Not sure I'm 100% happy with this one.  The nearer arm looks a little odd, and the hand she's resting her head on rather disappears too, but I got distracted by something when framing... :blushing:


----------



## Bo4key (Feb 18, 2013)

Lucky guy


----------



## Bo4key (Feb 18, 2013)

Other than that, the only criticism I could offer is a little wider framing on the second shot. I don't like how the right arm is cropped. But I could see how you'd be distracted.... 

And I think the left arm looks a little odd because there just is a little too little contrast maybe and it blends in the color of her torso.


----------



## Thayli (Feb 18, 2013)

Very nice Ralphh, and since you were so complimentary about her, here's my contribution. (And to make sure you're not left with your backside in the breeze here).



And i'll add that baby boy dropped 11 months ago.


----------



## runnah (Feb 18, 2013)

Dang...double dang.

You guys hit the jackpot.


----------



## ralphh (Feb 19, 2013)

Haha, thanks Thayli, always happy to look at another great shot of your very lovely Mrs 

I don't know how you find the time to do studio shots!! I'm lucky if I can get 10 mins with my wife for this kinda thing at the moment.  Maybe when baby is a little older it'll get easier.


----------



## Thayli (Feb 19, 2013)

ralphh said:


> Haha, thanks Thayli, always happy to look at another great shot of your very lovely Mrs
> 
> I don't know how you find the time to do studio shots!! I'm lucky if I can get 10 mins with my wife for this kinda thing at the moment.  Maybe when baby is a little older it'll get easier.


 

Gets worse, not better i'm afraid lol. We try to make time at least once a week, we're succesful sometimes every 2-3 weeks. Almost every shot ive got in last six months was taken between 10pm and 1am. You just got to be willing to set everything up and then take it all down without even touching the shutter release on occasion. Even worse to be honest is when you take maybe 4 shots and then that slowly building air raid siren from the bedroom kicks in. If ure willing to have the baby in same room as flash it makes things much easier, but that wasnt allowed in this house. Baby eyes would shatter into a million pieces with just a glimpse of a flash according to my wife.

Good luck!

Buy a couple of outfits only for photographs. I found that was one of the big things to motivate us. (Well, her.....). I still do that now, 2 days ago I bought a really old fashioned dusty wedding dress off ebay for $30, cut all the lace and trimmings off it, machine washed it, and it looks stunning now. Dont know when we will use it, but she's certainly excited about it. To the point where last night she wore it round the house for 2 hours (we were checking size), refused to take it off and would only answer to "Princess".

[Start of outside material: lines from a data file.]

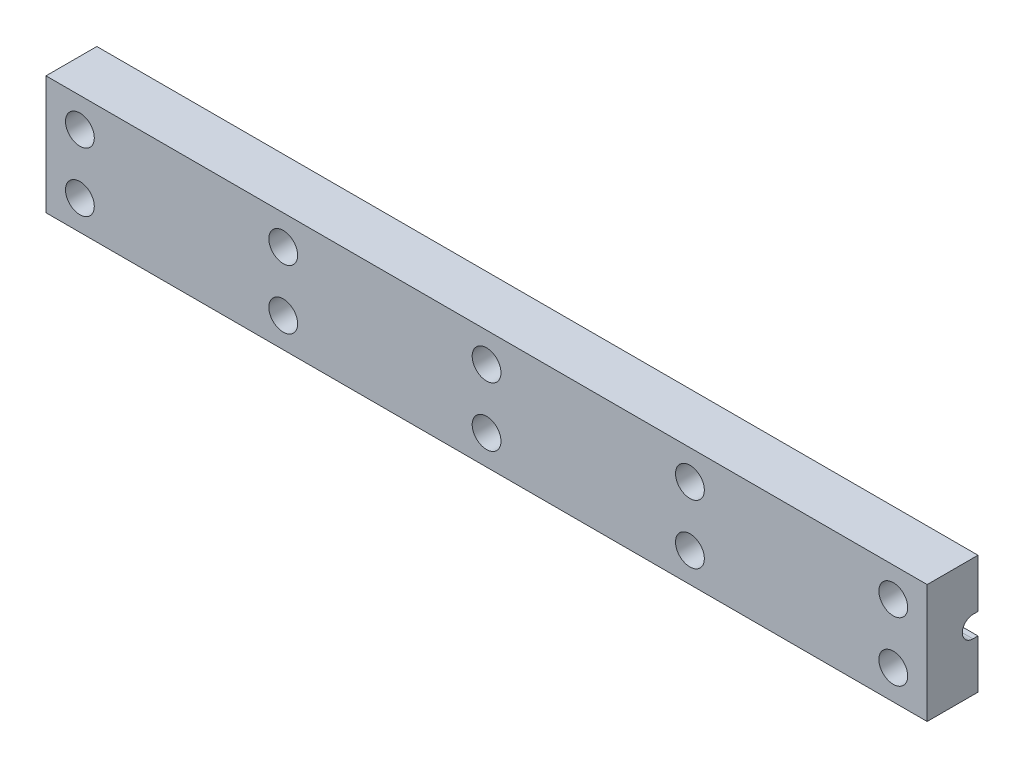
ISO-10303-21;
HEADER;
FILE_DESCRIPTION(('STEP AP214'),'2;1');
FILE_NAME('part.step','',(''),(''),'','','');
FILE_SCHEMA(('AUTOMOTIVE_DESIGN { 1 0 10303 214 1 1 1 1 }'));
ENDSEC;
DATA;
#1=APPLICATION_CONTEXT('core data for automotive mechanical design processes');
#2=APPLICATION_PROTOCOL_DEFINITION('international standard','automotive_design',2000,#1);
#3=PRODUCT_CONTEXT('',#1,'mechanical');
#4=PRODUCT('Part','Part','',(#3));
#5=PRODUCT_RELATED_PRODUCT_CATEGORY('part','',(#4));
#6=PRODUCT_DEFINITION_FORMATION('','',#4);
#7=PRODUCT_DEFINITION_CONTEXT('part definition',#1,'design');
#8=PRODUCT_DEFINITION('design','',#6,#7);
#9=PRODUCT_DEFINITION_SHAPE('','',#8);
#10=(LENGTH_UNIT() NAMED_UNIT(*) SI_UNIT(.MILLI.,.METRE.));
#11=(NAMED_UNIT(*) PLANE_ANGLE_UNIT() SI_UNIT($,.RADIAN.));
#12=(NAMED_UNIT(*) SI_UNIT($,.STERADIAN.) SOLID_ANGLE_UNIT());
#13=UNCERTAINTY_MEASURE_WITH_UNIT(LENGTH_MEASURE(1.E-05),#10,'distance_accuracy_value','');
#14=(GEOMETRIC_REPRESENTATION_CONTEXT(3) GLOBAL_UNCERTAINTY_ASSIGNED_CONTEXT((#13)) GLOBAL_UNIT_ASSIGNED_CONTEXT((#10,
#11,#12)) REPRESENTATION_CONTEXT('',''));
#15=CARTESIAN_POINT('',(0.,0.,0.));
#16=DIRECTION('',(0.,0.,1.));
#17=DIRECTION('',(1.,0.,0.));
#18=AXIS2_PLACEMENT_3D('',#15,#16,#17);
#19=CARTESIAN_POINT('',(170.645147999783,197.163538158501,246.970904960978));
#20=DIRECTION('',(0.,0.,1.));
#21=DIRECTION('',(1.,0.,0.));
#22=AXIS2_PLACEMENT_3D('',#19,#20,#21);
#23=PLANE('',#22);
#24=CARTESIAN_POINT('',(150.645147999783,204.663538158501,246.970904960979));
#25=DIRECTION('',(0.,0.,1.));
#26=DIRECTION('',(1.,0.,0.));
#27=AXIS2_PLACEMENT_3D('',#24,#25,#26);
#28=CIRCLE('',#27,1.70000000000001);
#29=CARTESIAN_POINT('',(152.345147999783,204.663538158501,246.970904960979));
#30=VERTEX_POINT('',#29);
#31=EDGE_CURVE('E127',#30,#30,#28,.T.);
#32=ORIENTED_EDGE('',*,*,#31,.F.);
#33=EDGE_LOOP('',(#32));
#34=FACE_BOUND('',#33,.T.);
#35=CARTESIAN_POINT('',(150.645147999783,197.6635381585,246.970904960979));
#36=DIRECTION('',(0.,0.,1.));
#37=DIRECTION('',(1.,0.,0.));
#38=AXIS2_PLACEMENT_3D('',#35,#36,#37);
#39=CIRCLE('',#38,1.70000000000001);
#40=CARTESIAN_POINT('',(152.345147999783,197.6635381585,246.970904960979));
#41=VERTEX_POINT('',#40);
#42=EDGE_CURVE('E219',#41,#41,#39,.T.);
#43=ORIENTED_EDGE('',*,*,#42,.F.);
#44=EDGE_LOOP('',(#43));
#45=FACE_BOUND('',#44,.T.);
#46=CARTESIAN_POINT('',(198.645147999783,204.663538158501,246.970904960979));
#47=DIRECTION('',(0.,0.,1.));
#48=DIRECTION('',(1.,0.,0.));
#49=AXIS2_PLACEMENT_3D('',#46,#47,#48);
#50=CIRCLE('',#49,1.70000000000001);
#51=CARTESIAN_POINT('',(200.345147999783,204.663538158501,246.970904960979));
#52=VERTEX_POINT('',#51);
#53=EDGE_CURVE('E156',#52,#52,#50,.F.);
#54=ORIENTED_EDGE('',*,*,#53,.T.);
#55=EDGE_LOOP('',(#54));
#56=FACE_BOUND('',#55,.T.);
#57=CARTESIAN_POINT('',(246.645147999783,204.663538158501,246.970904960979));
#58=DIRECTION('',(0.,0.,1.));
#59=DIRECTION('',(1.,0.,0.));
#60=AXIS2_PLACEMENT_3D('',#57,#58,#59);
#61=CIRCLE('',#60,1.70000000000001);
#62=CARTESIAN_POINT('',(248.345147999783,204.663538158501,246.970904960979));
#63=VERTEX_POINT('',#62);
#64=EDGE_CURVE('E146',#63,#63,#61,.F.);
#65=ORIENTED_EDGE('',*,*,#64,.T.);
#66=EDGE_LOOP('',(#65));
#67=FACE_BOUND('',#66,.T.);
#68=CARTESIAN_POINT('',(222.645147999783,197.663538158501,246.970904960979));
#69=DIRECTION('',(0.,0.,1.));
#70=DIRECTION('',(1.,0.,0.));
#71=AXIS2_PLACEMENT_3D('',#68,#69,#70);
#72=CIRCLE('',#71,1.70000000000001);
#73=CARTESIAN_POINT('',(224.345147999783,197.663538158501,246.970904960979));
#74=VERTEX_POINT('',#73);
#75=EDGE_CURVE('E147',#74,#74,#72,.T.);
#76=ORIENTED_EDGE('',*,*,#75,.F.);
#77=EDGE_LOOP('',(#76));
#78=FACE_BOUND('',#77,.T.);
#79=CARTESIAN_POINT('',(174.645147999783,197.6635381585,246.970904960979));
#80=DIRECTION('',(0.,0.,1.));
#81=DIRECTION('',(1.,0.,0.));
#82=AXIS2_PLACEMENT_3D('',#79,#80,#81);
#83=CIRCLE('',#82,1.70000000000001);
#84=CARTESIAN_POINT('',(176.345147999783,197.6635381585,246.970904960979));
#85=VERTEX_POINT('',#84);
#86=EDGE_CURVE('E162',#85,#85,#83,.T.);
#87=ORIENTED_EDGE('',*,*,#86,.F.);
#88=EDGE_LOOP('',(#87));
#89=FACE_BOUND('',#88,.T.);
#90=DIRECTION('',(1.,0.,0.));
#91=VECTOR('',#90,1.);
#92=CARTESIAN_POINT('',(170.645147999783,194.163538158501,246.970904960978));
#93=LINE('',#92,#91);
#94=CARTESIAN_POINT('',(146.645147999783,194.163538158501,246.970904960978));
#95=VERTEX_POINT('',#94);
#96=CARTESIAN_POINT('',(250.645147999783,194.163538158501,246.970904960978));
#97=VERTEX_POINT('',#96);
#98=EDGE_CURVE('E109',#95,#97,#93,.T.);
#99=ORIENTED_EDGE('',*,*,#98,.T.);
#100=DIRECTION('',(0.,-1.,0.));
#101=VECTOR('',#100,1.);
#102=CARTESIAN_POINT('',(250.645147999783,208.163538158501,246.970904960978));
#103=LINE('',#102,#101);
#104=CARTESIAN_POINT('',(250.645147999783,208.163538158501,246.970904960978));
#105=VERTEX_POINT('',#104);
#106=EDGE_CURVE('E105',#105,#97,#103,.T.);
#107=ORIENTED_EDGE('',*,*,#106,.F.);
#108=DIRECTION('',(1.,0.,0.));
#109=VECTOR('',#108,1.);
#110=CARTESIAN_POINT('',(170.645147999783,208.163538158501,246.970904960978));
#111=LINE('',#110,#109);
#112=CARTESIAN_POINT('',(146.645147999783,208.163538158501,246.970904960978));
#113=VERTEX_POINT('',#112);
#114=EDGE_CURVE('E99',#113,#105,#111,.T.);
#115=ORIENTED_EDGE('',*,*,#114,.F.);
#116=DIRECTION('',(0.,1.,0.));
#117=VECTOR('',#116,1.);
#118=CARTESIAN_POINT('',(146.645147999783,194.163538158501,246.970904960978));
#119=LINE('',#118,#117);
#120=EDGE_CURVE('E103',#95,#113,#119,.T.);
#121=ORIENTED_EDGE('',*,*,#120,.F.);
#122=EDGE_LOOP('',(#99,#107,#115,#121));
#123=FACE_BOUND('',#122,.T.);
#124=CARTESIAN_POINT('',(246.645147999783,197.663538158501,246.970904960979));
#125=DIRECTION('',(0.,0.,1.));
#126=DIRECTION('',(1.,0.,0.));
#127=AXIS2_PLACEMENT_3D('',#124,#125,#126);
#128=CIRCLE('',#127,1.70000000000001);
#129=CARTESIAN_POINT('',(248.345147999783,197.663538158501,246.970904960979));
#130=VERTEX_POINT('',#129);
#131=EDGE_CURVE('E143',#130,#130,#128,.T.);
#132=ORIENTED_EDGE('',*,*,#131,.F.);
#133=EDGE_LOOP('',(#132));
#134=FACE_BOUND('',#133,.T.);
#135=CARTESIAN_POINT('',(174.645147999783,204.663538158501,246.970904960979));
#136=DIRECTION('',(0.,0.,1.));
#137=DIRECTION('',(1.,0.,0.));
#138=AXIS2_PLACEMENT_3D('',#135,#136,#137);
#139=CIRCLE('',#138,1.70000000000001);
#140=CARTESIAN_POINT('',(176.345147999783,204.663538158501,246.970904960979));
#141=VERTEX_POINT('',#140);
#142=EDGE_CURVE('E159',#141,#141,#139,.F.);
#143=ORIENTED_EDGE('',*,*,#142,.T.);
#144=EDGE_LOOP('',(#143));
#145=FACE_BOUND('',#144,.T.);
#146=CARTESIAN_POINT('',(198.645147999783,197.663538158501,246.970904960979));
#147=DIRECTION('',(0.,0.,1.));
#148=DIRECTION('',(1.,0.,0.));
#149=AXIS2_PLACEMENT_3D('',#146,#147,#148);
#150=CIRCLE('',#149,1.70000000000001);
#151=CARTESIAN_POINT('',(200.345147999783,197.663538158501,246.970904960979));
#152=VERTEX_POINT('',#151);
#153=EDGE_CURVE('E153',#152,#152,#150,.T.);
#154=ORIENTED_EDGE('',*,*,#153,.F.);
#155=EDGE_LOOP('',(#154));
#156=FACE_BOUND('',#155,.T.);
#157=CARTESIAN_POINT('',(222.645147999783,204.663538158501,246.970904960979));
#158=DIRECTION('',(0.,0.,1.));
#159=DIRECTION('',(1.,0.,0.));
#160=AXIS2_PLACEMENT_3D('',#157,#158,#159);
#161=CIRCLE('',#160,1.70000000000001);
#162=CARTESIAN_POINT('',(224.345147999783,204.663538158501,246.970904960979));
#163=VERTEX_POINT('',#162);
#164=EDGE_CURVE('E150',#163,#163,#161,.F.);
#165=ORIENTED_EDGE('',*,*,#164,.T.);
#166=EDGE_LOOP('',(#165));
#167=FACE_BOUND('',#166,.T.);
#168=ADVANCED_FACE('F33',(#34,#45,#56,#67,#78,#89,#123,#134,#145,#156,#167),#23,.T.);
#169=CARTESIAN_POINT('',(170.645147999783,208.163538158501,240.970904960978));
#170=DIRECTION('',(0.,1.,0.));
#171=DIRECTION('',(0.,0.,1.));
#172=AXIS2_PLACEMENT_3D('',#169,#170,#171);
#173=PLANE('',#172);
#174=ORIENTED_EDGE('',*,*,#114,.T.);
#175=DIRECTION('',(0.,0.,1.));
#176=VECTOR('',#175,1.);
#177=CARTESIAN_POINT('',(250.645147999783,208.163538158501,240.970904960978));
#178=LINE('',#177,#176);
#179=CARTESIAN_POINT('',(250.645147999783,208.163538158501,240.970904960978));
#180=VERTEX_POINT('',#179);
#181=EDGE_CURVE('E191',#180,#105,#178,.T.);
#182=ORIENTED_EDGE('',*,*,#181,.F.);
#183=DIRECTION('',(1.,0.,0.));
#184=VECTOR('',#183,1.);
#185=CARTESIAN_POINT('',(170.645147999783,208.163538158501,240.970904960978));
#186=LINE('',#185,#184);
#187=CARTESIAN_POINT('',(146.645147999783,208.163538158501,240.970904960978));
#188=VERTEX_POINT('',#187);
#189=EDGE_CURVE('E11',#188,#180,#186,.T.);
#190=ORIENTED_EDGE('',*,*,#189,.F.);
#191=DIRECTION('',(0.,0.,-1.));
#192=VECTOR('',#191,1.);
#193=CARTESIAN_POINT('',(146.645147999783,208.163538158501,246.970904960978));
#194=LINE('',#193,#192);
#195=EDGE_CURVE('E113',#113,#188,#194,.T.);
#196=ORIENTED_EDGE('',*,*,#195,.F.);
#197=EDGE_LOOP('',(#174,#182,#190,#196));
#198=FACE_BOUND('',#197,.T.);
#199=ADVANCED_FACE('F35',(#198),#173,.T.);
#200=CARTESIAN_POINT('',(170.645147999783,205.163538158501,240.970904960978));
#201=DIRECTION('',(0.,0.,-1.));
#202=DIRECTION('',(-1.,0.,0.));
#203=AXIS2_PLACEMENT_3D('',#200,#201,#202);
#204=PLANE('',#203);
#205=CARTESIAN_POINT('',(150.645147999783,204.663538158501,240.970904960978));
#206=DIRECTION('',(0.,0.,-1.));
#207=DIRECTION('',(-1.,0.,0.));
#208=AXIS2_PLACEMENT_3D('',#205,#206,#207);
#209=CIRCLE('',#208,1.70000000000001);
#210=CARTESIAN_POINT('',(148.945147999783,204.663538158501,240.970904960978));
#211=VERTEX_POINT('',#210);
#212=EDGE_CURVE('E37',#211,#211,#209,.T.);
#213=ORIENTED_EDGE('',*,*,#212,.F.);
#214=EDGE_LOOP('',(#213));
#215=FACE_BOUND('',#214,.T.);
#216=CARTESIAN_POINT('',(222.645147999783,204.663538158501,240.970904960978));
#217=DIRECTION('',(0.,0.,-1.));
#218=DIRECTION('',(-1.,0.,0.));
#219=AXIS2_PLACEMENT_3D('',#216,#217,#218);
#220=CIRCLE('',#219,1.70000000000001);
#221=CARTESIAN_POINT('',(220.945147999783,204.663538158501,240.970904960978));
#222=VERTEX_POINT('',#221);
#223=EDGE_CURVE('E188',#222,#222,#220,.F.);
#224=ORIENTED_EDGE('',*,*,#223,.T.);
#225=EDGE_LOOP('',(#224));
#226=FACE_BOUND('',#225,.T.);
#227=CARTESIAN_POINT('',(198.645147999783,204.663538158501,240.970904960978));
#228=DIRECTION('',(0.,0.,-1.));
#229=DIRECTION('',(-1.,0.,0.));
#230=AXIS2_PLACEMENT_3D('',#227,#228,#229);
#231=CIRCLE('',#230,1.70000000000001);
#232=CARTESIAN_POINT('',(196.945147999783,204.663538158501,240.970904960978));
#233=VERTEX_POINT('',#232);
#234=EDGE_CURVE('E182',#233,#233,#231,.F.);
#235=ORIENTED_EDGE('',*,*,#234,.T.);
#236=EDGE_LOOP('',(#235));
#237=FACE_BOUND('',#236,.T.);
#238=CARTESIAN_POINT('',(174.645147999783,204.663538158501,240.970904960978));
#239=DIRECTION('',(0.,0.,-1.));
#240=DIRECTION('',(-1.,0.,0.));
#241=AXIS2_PLACEMENT_3D('',#238,#239,#240);
#242=CIRCLE('',#241,1.70000000000001);
#243=CARTESIAN_POINT('',(172.945147999783,204.663538158501,240.970904960978));
#244=VERTEX_POINT('',#243);
#245=EDGE_CURVE('E179',#244,#244,#242,.F.);
#246=ORIENTED_EDGE('',*,*,#245,.T.);
#247=EDGE_LOOP('',(#246));
#248=FACE_BOUND('',#247,.T.);
#249=CARTESIAN_POINT('',(246.645147999783,204.663538158501,240.970904960978));
#250=DIRECTION('',(0.,0.,-1.));
#251=DIRECTION('',(-1.,0.,0.));
#252=AXIS2_PLACEMENT_3D('',#249,#250,#251);
#253=CIRCLE('',#252,1.70000000000001);
#254=CARTESIAN_POINT('',(244.945147999783,204.663538158501,240.970904960978));
#255=VERTEX_POINT('',#254);
#256=EDGE_CURVE('E173',#255,#255,#253,.F.);
#257=ORIENTED_EDGE('',*,*,#256,.T.);
#258=EDGE_LOOP('',(#257));
#259=FACE_BOUND('',#258,.T.);
#260=ORIENTED_EDGE('',*,*,#189,.T.);
#261=DIRECTION('',(0.,1.,0.));
#262=VECTOR('',#261,1.);
#263=CARTESIAN_POINT('',(250.645147999783,202.413538158492,240.970904960978));
#264=LINE('',#263,#262);
#265=CARTESIAN_POINT('',(250.645147999783,202.413538158492,240.970904960978));
#266=VERTEX_POINT('',#265);
#267=EDGE_CURVE('E110',#266,#180,#264,.T.);
#268=ORIENTED_EDGE('',*,*,#267,.F.);
#269=DIRECTION('',(1.,0.,0.));
#270=VECTOR('',#269,1.);
#271=CARTESIAN_POINT('',(170.645147999783,202.413538158492,240.970904960978));
#272=LINE('',#271,#270);
#273=CARTESIAN_POINT('',(146.645147999783,202.413538158492,240.970904960978));
#274=VERTEX_POINT('',#273);
#275=EDGE_CURVE('E42',#274,#266,#272,.T.);
#276=ORIENTED_EDGE('',*,*,#275,.F.);
#277=DIRECTION('',(0.,-1.,0.));
#278=VECTOR('',#277,1.);
#279=CARTESIAN_POINT('',(146.645147999783,208.163538158501,240.970904960978));
#280=LINE('',#279,#278);
#281=EDGE_CURVE('E116',#188,#274,#280,.T.);
#282=ORIENTED_EDGE('',*,*,#281,.F.);
#283=EDGE_LOOP('',(#260,#268,#276,#282));
#284=FACE_BOUND('',#283,.T.);
#285=ADVANCED_FACE('F261',(#215,#226,#237,#248,#259,#284),#204,.T.);
#286=CARTESIAN_POINT('',(170.645147999783,202.413538158492,241.570904954906));
#287=DIRECTION('',(0.,-1.,0.));
#288=DIRECTION('',(0.,0.,-1.));
#289=AXIS2_PLACEMENT_3D('',#286,#287,#288);
#290=PLANE('',#289);
#291=ORIENTED_EDGE('',*,*,#275,.T.);
#292=DIRECTION('',(0.,0.,-1.));
#293=VECTOR('',#292,1.);
#294=CARTESIAN_POINT('',(250.645147999783,202.413538158492,241.570904954906));
#295=LINE('',#294,#293);
#296=CARTESIAN_POINT('',(250.645147999783,202.413538158492,241.570904954906));
#297=VERTEX_POINT('',#296);
#298=EDGE_CURVE('E206',#297,#266,#295,.T.);
#299=ORIENTED_EDGE('',*,*,#298,.F.);
#300=DIRECTION('',(1.,0.,0.));
#301=VECTOR('',#300,1.);
#302=CARTESIAN_POINT('',(170.645147999783,202.413538158492,241.570904954906));
#303=LINE('',#302,#301);
#304=CARTESIAN_POINT('',(146.645147999783,202.413538158492,241.570904954906));
#305=VERTEX_POINT('',#304);
#306=EDGE_CURVE('E210',#305,#297,#303,.T.);
#307=ORIENTED_EDGE('',*,*,#306,.F.);
#308=DIRECTION('',(0.,0.,1.));
#309=VECTOR('',#308,1.);
#310=CARTESIAN_POINT('',(146.645147999783,202.413538158492,240.970904960978));
#311=LINE('',#310,#309);
#312=EDGE_CURVE('E131',#274,#305,#311,.T.);
#313=ORIENTED_EDGE('',*,*,#312,.F.);
#314=EDGE_LOOP('',(#291,#299,#307,#313));
#315=FACE_BOUND('',#314,.T.);
#316=ADVANCED_FACE('F264',(#315),#290,.T.);
#317=CARTESIAN_POINT('',(170.645147999783,201.163538158492,241.570904960977));
#318=DIRECTION('',(1.,0.,0.));
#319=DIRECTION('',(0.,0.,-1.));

P.S. Heres the dress. She managed to swan about in it for another 10mins today before work, and I got some natural light shots in front of the patio doors. Didnt even have time for a reflector, I was shooting ISO3000 on an Xti (big lols) and when I opened them on computer I realised I was in Jpg. I still have to get the wrinkles from the machine wash out the dress as well. So yeah, pretty disasterous. But it still looks awesome! I took 19 shots and all of them I liked.




Not bad for $30 and 10 mins with a pair of scissors. Its unrecognisable from the dress it was though. Now I just have to figure out how to use it in shots....


----------



## ralphh (Feb 20, 2013)

LOL at only answering to "princess", that sound like someone i know 

The clothes only for photos is a great idea! Genius!!

My wife is currently off to bed by 8pm, so i'm basically limited to during the day at the weekends while baby is napping, but i always did prefer to shoot in natural light, so i have that in my favor at least...

I'm gonna try bribing her with new clothes tho  if anything will make her willing to stand still for 30 seconds that will! Thanks!!

Great look in that dress btw, looking forward to your follow-up shoots


----------



## cgipson1 (Feb 20, 2013)

ralphh said:


> Not sure I'm 100% happy with this one.  The nearer arm looks a little odd, and the hand she's resting her head on rather disappears too, but I got distracted by something when framing... :blushing:



Ralphh... was the yellow intentional.. the "instagram" look maybe?

I get this when I color balance for flesh tones...



Definitely a lovely lady!


----------



## kundalini (Feb 20, 2013)

My partner for the last (almost) 4years. We don't have children together (thank gawd) but have 2 each from previous relationships. Not too bad for a +50 gal IMO. BTW, no skin smoothing... I like the character lines.







​In her business attire.  This shot went on her coporate website, so I did touch up slightly.






...​


----------



## ralphh (Feb 20, 2013)

cgipson1 said:


> ralphh said:
> 
> 
> > Ralphh... was the yellow intentional.. the "instagram" look maybe?
> ...


----------



## cgipson1 (Feb 20, 2013)

ralphh said:


> cgipson1 said:
> 
> 
> > ralphh said:
> ...


----------



## ralphh (Feb 21, 2013)

Ha, i've just discovered it can be done in 1 click in pse. Learn something new every day and all that....  I've always shot raw, so i've never had to remove a colour cast in photoshop, only add one


----------